• [WHAT YOU ARE ASKED TO DO] Using the word "body" as the filter, copy each matching line from the records.

• [PROVIDED INFORMATION]
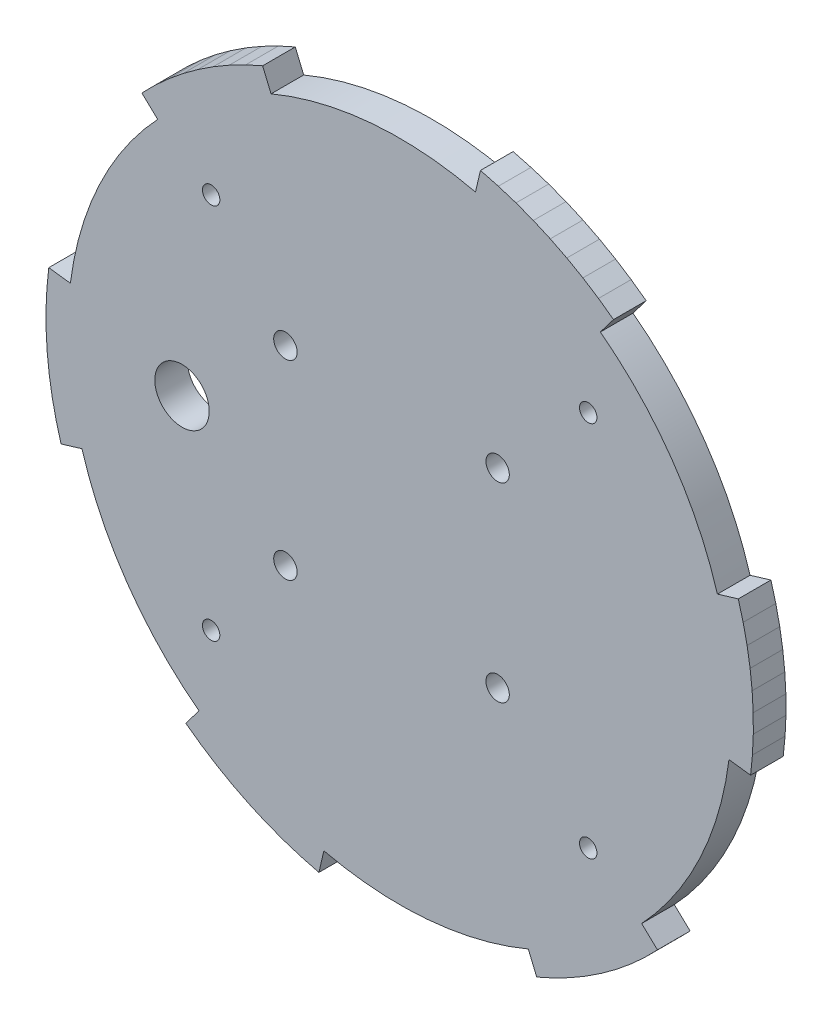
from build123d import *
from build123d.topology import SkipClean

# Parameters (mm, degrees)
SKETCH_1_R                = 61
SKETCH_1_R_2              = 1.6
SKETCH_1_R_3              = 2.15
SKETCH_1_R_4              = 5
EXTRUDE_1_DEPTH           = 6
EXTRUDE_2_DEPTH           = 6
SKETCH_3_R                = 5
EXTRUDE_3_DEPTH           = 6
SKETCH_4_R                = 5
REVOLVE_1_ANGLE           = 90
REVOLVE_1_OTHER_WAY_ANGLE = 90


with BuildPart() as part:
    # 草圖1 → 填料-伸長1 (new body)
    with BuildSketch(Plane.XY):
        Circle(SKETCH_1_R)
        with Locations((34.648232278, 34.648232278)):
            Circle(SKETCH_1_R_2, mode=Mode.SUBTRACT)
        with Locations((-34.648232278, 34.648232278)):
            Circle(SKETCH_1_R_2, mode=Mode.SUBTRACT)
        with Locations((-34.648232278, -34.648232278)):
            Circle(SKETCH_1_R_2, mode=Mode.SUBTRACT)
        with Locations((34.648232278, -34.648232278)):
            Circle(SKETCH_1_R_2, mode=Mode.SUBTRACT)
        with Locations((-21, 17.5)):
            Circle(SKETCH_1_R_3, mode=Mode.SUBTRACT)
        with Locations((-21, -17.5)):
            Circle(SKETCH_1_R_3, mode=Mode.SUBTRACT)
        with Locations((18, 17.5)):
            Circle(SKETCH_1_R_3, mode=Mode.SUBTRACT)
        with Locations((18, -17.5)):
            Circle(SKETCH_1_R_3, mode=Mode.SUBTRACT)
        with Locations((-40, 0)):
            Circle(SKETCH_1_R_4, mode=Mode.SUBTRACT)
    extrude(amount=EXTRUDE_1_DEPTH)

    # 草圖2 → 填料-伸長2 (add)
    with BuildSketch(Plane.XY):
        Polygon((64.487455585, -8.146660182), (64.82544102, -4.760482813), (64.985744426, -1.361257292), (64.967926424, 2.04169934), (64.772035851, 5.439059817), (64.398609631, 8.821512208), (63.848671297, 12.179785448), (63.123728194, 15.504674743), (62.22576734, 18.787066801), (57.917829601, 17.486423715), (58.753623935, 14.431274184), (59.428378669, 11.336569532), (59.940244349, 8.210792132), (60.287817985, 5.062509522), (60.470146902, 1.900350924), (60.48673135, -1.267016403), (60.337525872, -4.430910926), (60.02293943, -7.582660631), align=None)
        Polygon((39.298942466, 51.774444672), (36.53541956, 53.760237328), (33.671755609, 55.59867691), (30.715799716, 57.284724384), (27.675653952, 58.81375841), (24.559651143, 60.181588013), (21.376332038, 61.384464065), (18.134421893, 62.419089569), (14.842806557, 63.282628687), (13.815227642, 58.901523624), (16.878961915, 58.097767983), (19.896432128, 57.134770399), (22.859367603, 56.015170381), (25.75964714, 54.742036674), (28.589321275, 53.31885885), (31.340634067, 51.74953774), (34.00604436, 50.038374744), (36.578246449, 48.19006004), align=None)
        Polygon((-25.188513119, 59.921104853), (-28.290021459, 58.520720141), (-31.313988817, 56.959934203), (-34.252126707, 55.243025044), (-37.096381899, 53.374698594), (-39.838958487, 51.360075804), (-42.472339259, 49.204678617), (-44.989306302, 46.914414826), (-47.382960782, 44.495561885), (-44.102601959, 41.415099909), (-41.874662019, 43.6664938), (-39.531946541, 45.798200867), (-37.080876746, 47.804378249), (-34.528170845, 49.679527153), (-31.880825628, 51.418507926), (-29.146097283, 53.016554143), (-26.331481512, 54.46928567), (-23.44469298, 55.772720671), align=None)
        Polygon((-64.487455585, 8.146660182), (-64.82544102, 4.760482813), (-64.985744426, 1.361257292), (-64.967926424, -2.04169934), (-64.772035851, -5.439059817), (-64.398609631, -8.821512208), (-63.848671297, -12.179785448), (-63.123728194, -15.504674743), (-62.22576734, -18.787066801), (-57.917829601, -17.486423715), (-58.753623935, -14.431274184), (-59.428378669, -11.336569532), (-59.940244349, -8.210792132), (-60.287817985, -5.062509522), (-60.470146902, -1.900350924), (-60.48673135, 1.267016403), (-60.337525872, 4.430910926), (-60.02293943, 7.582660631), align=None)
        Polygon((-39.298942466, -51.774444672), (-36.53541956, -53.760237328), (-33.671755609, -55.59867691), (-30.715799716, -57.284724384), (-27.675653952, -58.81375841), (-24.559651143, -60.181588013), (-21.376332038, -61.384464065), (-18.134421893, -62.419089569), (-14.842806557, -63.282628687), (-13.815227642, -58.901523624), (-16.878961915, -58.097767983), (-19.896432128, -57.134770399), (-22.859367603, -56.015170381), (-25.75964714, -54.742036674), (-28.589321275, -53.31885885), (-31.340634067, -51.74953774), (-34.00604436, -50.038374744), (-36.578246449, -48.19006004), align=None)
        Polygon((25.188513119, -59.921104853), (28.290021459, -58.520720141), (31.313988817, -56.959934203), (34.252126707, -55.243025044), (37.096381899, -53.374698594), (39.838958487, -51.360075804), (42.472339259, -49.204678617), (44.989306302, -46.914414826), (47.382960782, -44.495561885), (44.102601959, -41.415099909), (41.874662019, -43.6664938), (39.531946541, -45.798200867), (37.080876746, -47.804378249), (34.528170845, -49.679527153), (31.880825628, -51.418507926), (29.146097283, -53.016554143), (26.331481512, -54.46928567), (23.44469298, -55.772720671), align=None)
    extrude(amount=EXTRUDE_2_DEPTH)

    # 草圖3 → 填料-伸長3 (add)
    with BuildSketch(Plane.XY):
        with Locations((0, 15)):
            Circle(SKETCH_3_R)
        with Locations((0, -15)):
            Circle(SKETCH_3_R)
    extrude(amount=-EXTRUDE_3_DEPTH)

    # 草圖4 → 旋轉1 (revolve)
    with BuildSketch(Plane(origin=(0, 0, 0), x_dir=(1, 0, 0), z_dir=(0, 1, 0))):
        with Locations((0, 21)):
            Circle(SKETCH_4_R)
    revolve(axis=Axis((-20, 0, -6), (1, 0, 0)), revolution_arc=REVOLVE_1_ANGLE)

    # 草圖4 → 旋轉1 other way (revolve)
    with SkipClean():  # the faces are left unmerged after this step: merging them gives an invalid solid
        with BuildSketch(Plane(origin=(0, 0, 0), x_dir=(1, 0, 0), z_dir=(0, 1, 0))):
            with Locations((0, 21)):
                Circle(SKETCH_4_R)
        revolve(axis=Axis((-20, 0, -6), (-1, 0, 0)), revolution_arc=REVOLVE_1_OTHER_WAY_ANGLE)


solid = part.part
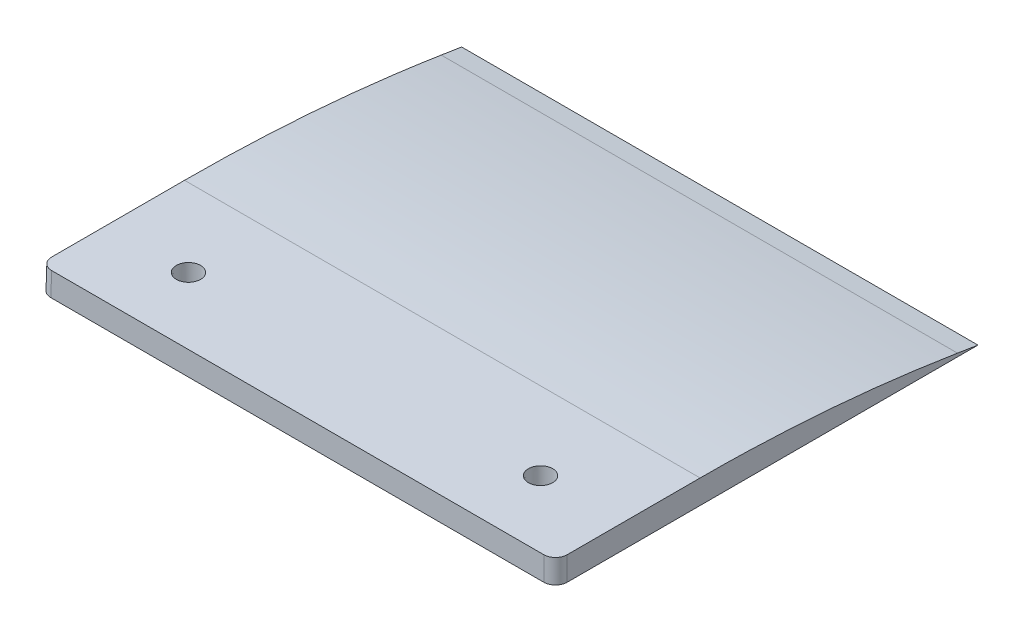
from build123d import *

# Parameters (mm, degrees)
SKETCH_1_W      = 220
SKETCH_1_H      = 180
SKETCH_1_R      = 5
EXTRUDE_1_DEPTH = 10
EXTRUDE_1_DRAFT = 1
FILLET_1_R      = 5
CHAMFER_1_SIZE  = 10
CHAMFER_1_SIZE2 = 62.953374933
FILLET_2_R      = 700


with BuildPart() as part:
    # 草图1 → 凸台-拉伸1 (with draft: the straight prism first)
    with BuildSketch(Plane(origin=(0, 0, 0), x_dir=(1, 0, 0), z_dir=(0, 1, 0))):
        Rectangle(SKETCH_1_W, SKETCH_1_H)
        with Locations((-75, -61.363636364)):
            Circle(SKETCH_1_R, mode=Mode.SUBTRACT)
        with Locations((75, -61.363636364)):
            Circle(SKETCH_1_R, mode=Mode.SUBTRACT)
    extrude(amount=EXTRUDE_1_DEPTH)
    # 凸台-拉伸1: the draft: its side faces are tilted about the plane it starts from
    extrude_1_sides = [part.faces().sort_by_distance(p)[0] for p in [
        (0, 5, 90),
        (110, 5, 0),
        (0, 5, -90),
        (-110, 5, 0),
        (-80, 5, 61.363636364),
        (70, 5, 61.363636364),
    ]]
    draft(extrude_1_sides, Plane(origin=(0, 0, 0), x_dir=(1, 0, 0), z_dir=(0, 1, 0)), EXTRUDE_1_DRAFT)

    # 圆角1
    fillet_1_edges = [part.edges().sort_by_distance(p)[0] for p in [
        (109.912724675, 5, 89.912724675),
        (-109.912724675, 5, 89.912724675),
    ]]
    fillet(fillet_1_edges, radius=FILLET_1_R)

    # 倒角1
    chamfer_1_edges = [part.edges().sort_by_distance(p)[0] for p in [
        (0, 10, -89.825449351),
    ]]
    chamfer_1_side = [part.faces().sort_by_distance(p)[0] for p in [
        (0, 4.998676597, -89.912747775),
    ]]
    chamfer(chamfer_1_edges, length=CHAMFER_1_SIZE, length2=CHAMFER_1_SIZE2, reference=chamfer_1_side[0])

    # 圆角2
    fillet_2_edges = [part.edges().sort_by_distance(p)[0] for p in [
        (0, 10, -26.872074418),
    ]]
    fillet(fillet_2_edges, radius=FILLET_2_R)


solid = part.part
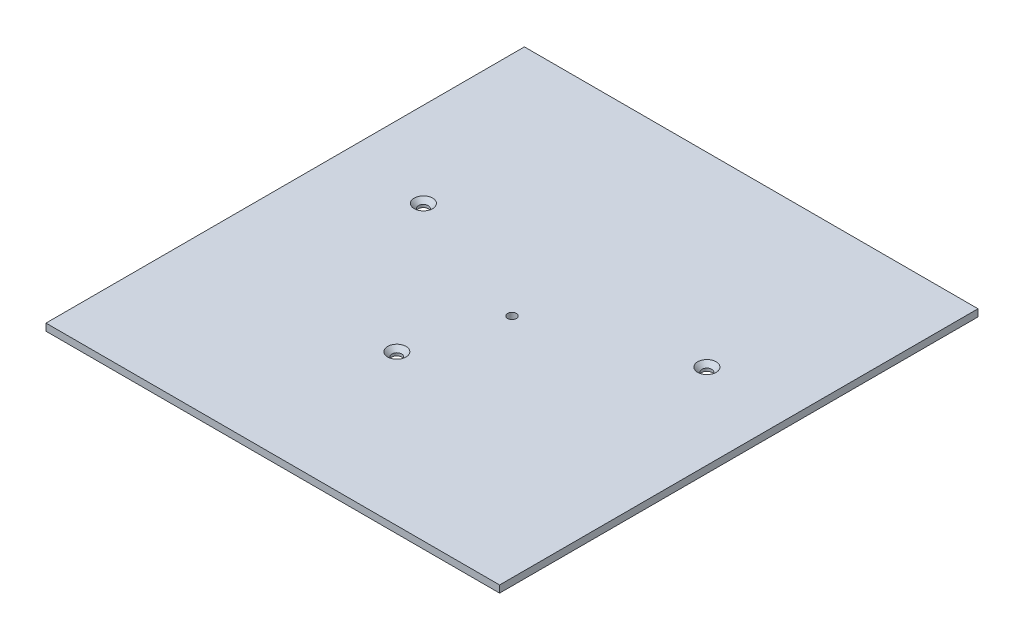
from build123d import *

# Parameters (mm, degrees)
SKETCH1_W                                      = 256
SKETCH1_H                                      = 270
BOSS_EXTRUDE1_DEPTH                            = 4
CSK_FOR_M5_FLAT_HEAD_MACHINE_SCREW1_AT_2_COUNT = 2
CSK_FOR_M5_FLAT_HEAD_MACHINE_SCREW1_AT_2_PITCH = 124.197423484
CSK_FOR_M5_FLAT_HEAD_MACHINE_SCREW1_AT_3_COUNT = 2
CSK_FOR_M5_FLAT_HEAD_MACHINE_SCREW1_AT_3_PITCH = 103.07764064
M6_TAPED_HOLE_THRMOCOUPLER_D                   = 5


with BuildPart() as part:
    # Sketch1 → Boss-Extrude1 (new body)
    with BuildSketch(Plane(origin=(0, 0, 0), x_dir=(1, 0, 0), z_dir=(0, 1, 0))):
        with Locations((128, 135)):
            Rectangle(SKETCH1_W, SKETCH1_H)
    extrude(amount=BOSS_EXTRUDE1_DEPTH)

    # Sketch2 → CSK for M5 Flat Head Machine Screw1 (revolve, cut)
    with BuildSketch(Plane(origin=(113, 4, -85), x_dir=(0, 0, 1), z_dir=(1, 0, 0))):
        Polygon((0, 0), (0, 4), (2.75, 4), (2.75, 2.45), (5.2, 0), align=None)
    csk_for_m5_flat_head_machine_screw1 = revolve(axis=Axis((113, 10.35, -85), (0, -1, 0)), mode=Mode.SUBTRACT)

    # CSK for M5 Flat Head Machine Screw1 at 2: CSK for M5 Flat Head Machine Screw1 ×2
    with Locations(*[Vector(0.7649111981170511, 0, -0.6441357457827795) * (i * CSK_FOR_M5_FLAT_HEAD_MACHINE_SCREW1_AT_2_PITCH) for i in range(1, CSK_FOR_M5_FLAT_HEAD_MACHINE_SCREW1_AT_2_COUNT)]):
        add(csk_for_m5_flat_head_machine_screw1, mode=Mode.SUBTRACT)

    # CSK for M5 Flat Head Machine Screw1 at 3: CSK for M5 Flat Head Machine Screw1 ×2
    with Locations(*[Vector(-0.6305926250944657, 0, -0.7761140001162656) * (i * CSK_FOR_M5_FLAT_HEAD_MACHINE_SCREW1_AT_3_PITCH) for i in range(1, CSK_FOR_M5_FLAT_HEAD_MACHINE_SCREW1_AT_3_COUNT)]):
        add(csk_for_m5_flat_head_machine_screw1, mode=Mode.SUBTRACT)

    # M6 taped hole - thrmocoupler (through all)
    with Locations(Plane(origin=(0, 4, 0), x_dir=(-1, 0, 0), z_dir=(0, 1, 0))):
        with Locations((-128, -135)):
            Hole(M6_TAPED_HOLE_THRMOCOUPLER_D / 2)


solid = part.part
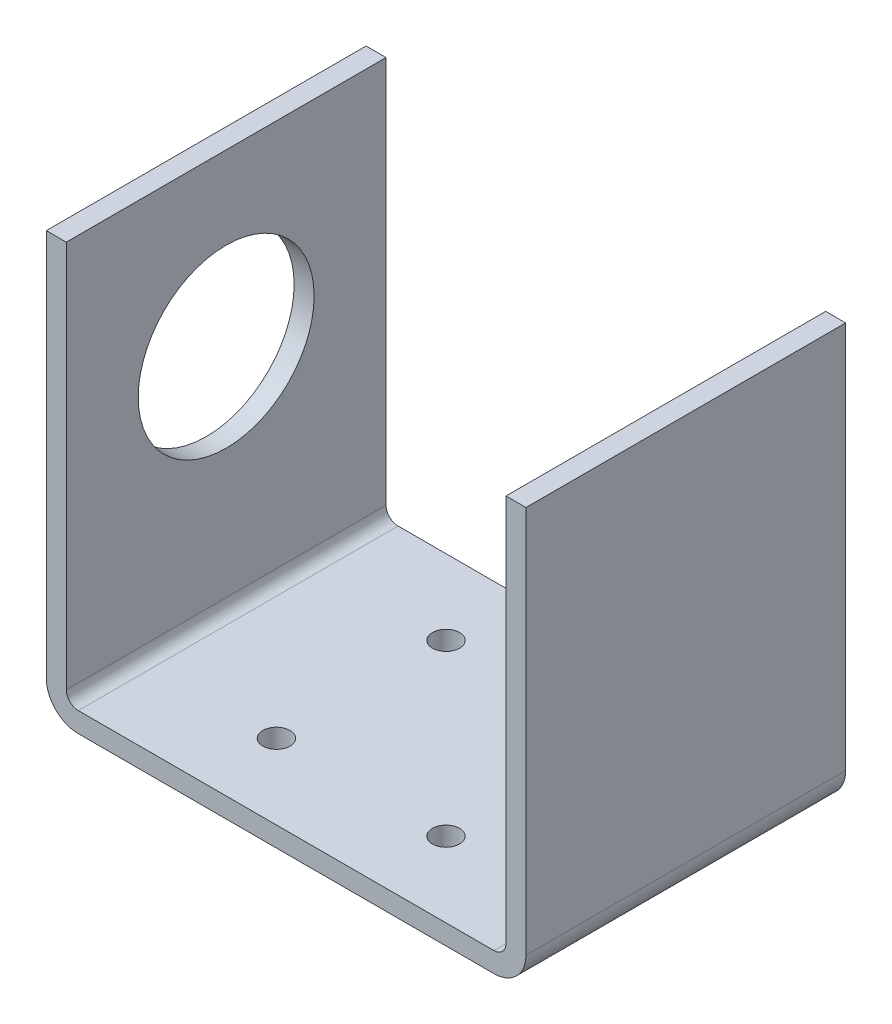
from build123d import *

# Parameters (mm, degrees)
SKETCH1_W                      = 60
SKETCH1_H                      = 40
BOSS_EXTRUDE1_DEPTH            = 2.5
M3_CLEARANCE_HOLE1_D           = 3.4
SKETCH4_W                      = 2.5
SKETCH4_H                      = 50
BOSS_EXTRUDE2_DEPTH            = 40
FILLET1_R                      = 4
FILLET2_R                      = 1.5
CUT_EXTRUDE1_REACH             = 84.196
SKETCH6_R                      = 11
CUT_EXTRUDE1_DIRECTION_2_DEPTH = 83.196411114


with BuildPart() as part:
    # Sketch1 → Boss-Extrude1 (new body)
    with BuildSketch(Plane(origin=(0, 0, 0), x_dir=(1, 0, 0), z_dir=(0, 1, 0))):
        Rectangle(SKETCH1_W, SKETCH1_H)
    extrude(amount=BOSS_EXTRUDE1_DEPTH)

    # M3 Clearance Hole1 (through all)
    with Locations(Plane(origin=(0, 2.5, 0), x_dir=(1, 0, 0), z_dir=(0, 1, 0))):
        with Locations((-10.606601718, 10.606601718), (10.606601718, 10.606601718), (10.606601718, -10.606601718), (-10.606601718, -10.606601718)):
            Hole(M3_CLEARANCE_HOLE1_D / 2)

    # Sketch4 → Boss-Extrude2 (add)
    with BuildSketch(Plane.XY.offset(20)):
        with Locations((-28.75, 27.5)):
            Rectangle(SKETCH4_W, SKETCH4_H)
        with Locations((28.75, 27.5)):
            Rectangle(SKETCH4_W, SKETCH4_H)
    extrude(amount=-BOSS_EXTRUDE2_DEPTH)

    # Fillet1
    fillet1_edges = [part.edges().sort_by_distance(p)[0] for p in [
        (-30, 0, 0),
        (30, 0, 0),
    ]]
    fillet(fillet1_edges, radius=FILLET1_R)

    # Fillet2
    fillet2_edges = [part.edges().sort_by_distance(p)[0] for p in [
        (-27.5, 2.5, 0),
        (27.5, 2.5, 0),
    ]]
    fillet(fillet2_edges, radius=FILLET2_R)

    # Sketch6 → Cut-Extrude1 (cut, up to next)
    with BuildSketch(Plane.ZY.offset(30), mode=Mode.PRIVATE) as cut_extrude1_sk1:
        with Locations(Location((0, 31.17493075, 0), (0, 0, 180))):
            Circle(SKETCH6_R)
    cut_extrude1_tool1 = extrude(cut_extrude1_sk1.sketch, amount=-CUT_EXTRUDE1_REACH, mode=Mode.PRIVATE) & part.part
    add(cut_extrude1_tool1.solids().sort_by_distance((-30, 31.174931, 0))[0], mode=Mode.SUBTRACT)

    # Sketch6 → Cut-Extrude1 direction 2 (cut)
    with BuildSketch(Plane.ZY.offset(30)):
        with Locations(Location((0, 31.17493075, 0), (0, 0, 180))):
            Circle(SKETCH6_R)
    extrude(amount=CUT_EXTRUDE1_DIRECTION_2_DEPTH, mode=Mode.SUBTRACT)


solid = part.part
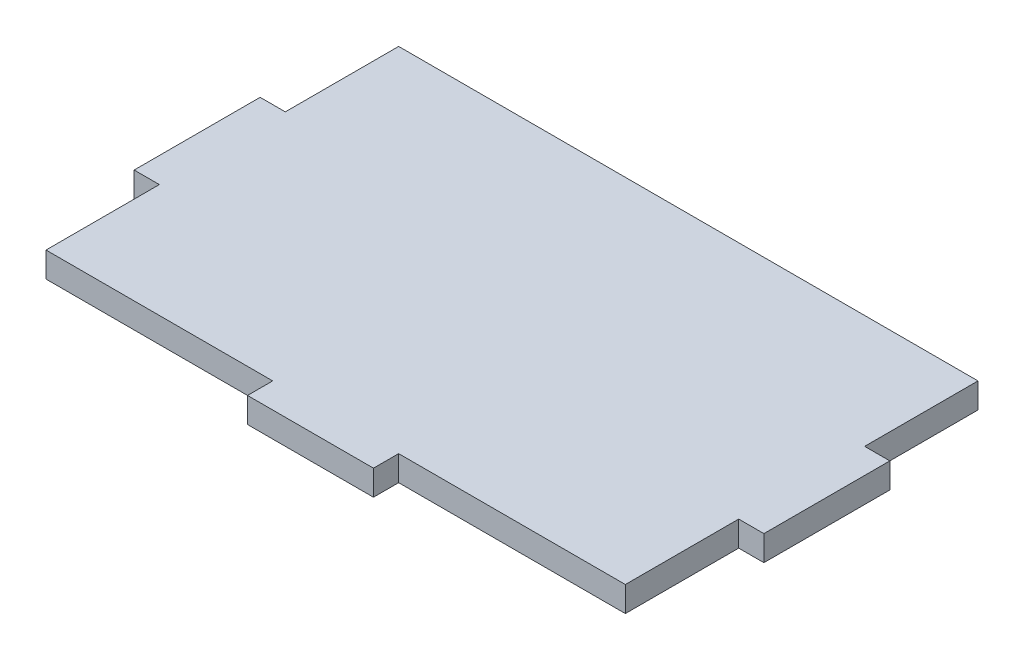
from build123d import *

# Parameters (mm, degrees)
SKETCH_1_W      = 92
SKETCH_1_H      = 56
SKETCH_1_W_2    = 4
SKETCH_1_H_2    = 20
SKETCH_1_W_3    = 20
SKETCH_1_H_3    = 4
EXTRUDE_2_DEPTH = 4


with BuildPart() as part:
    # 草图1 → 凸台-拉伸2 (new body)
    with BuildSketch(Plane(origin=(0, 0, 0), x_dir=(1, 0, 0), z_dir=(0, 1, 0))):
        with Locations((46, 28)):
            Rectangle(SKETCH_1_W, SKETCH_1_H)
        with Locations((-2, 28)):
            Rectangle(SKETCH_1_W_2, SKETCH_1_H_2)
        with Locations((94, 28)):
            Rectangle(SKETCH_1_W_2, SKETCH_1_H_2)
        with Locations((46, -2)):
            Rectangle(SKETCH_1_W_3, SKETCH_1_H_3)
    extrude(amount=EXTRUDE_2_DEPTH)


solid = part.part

• [WORKED SOLUTION]
    # 草圖1 → 填料-伸長1 (new body)
    # Sketch1 → Boss-Extrude1 (new body)
    # Sketch1 → Boss-Extrude1 (new body)
    # 草图1 → 凸台-拉伸2 (new body)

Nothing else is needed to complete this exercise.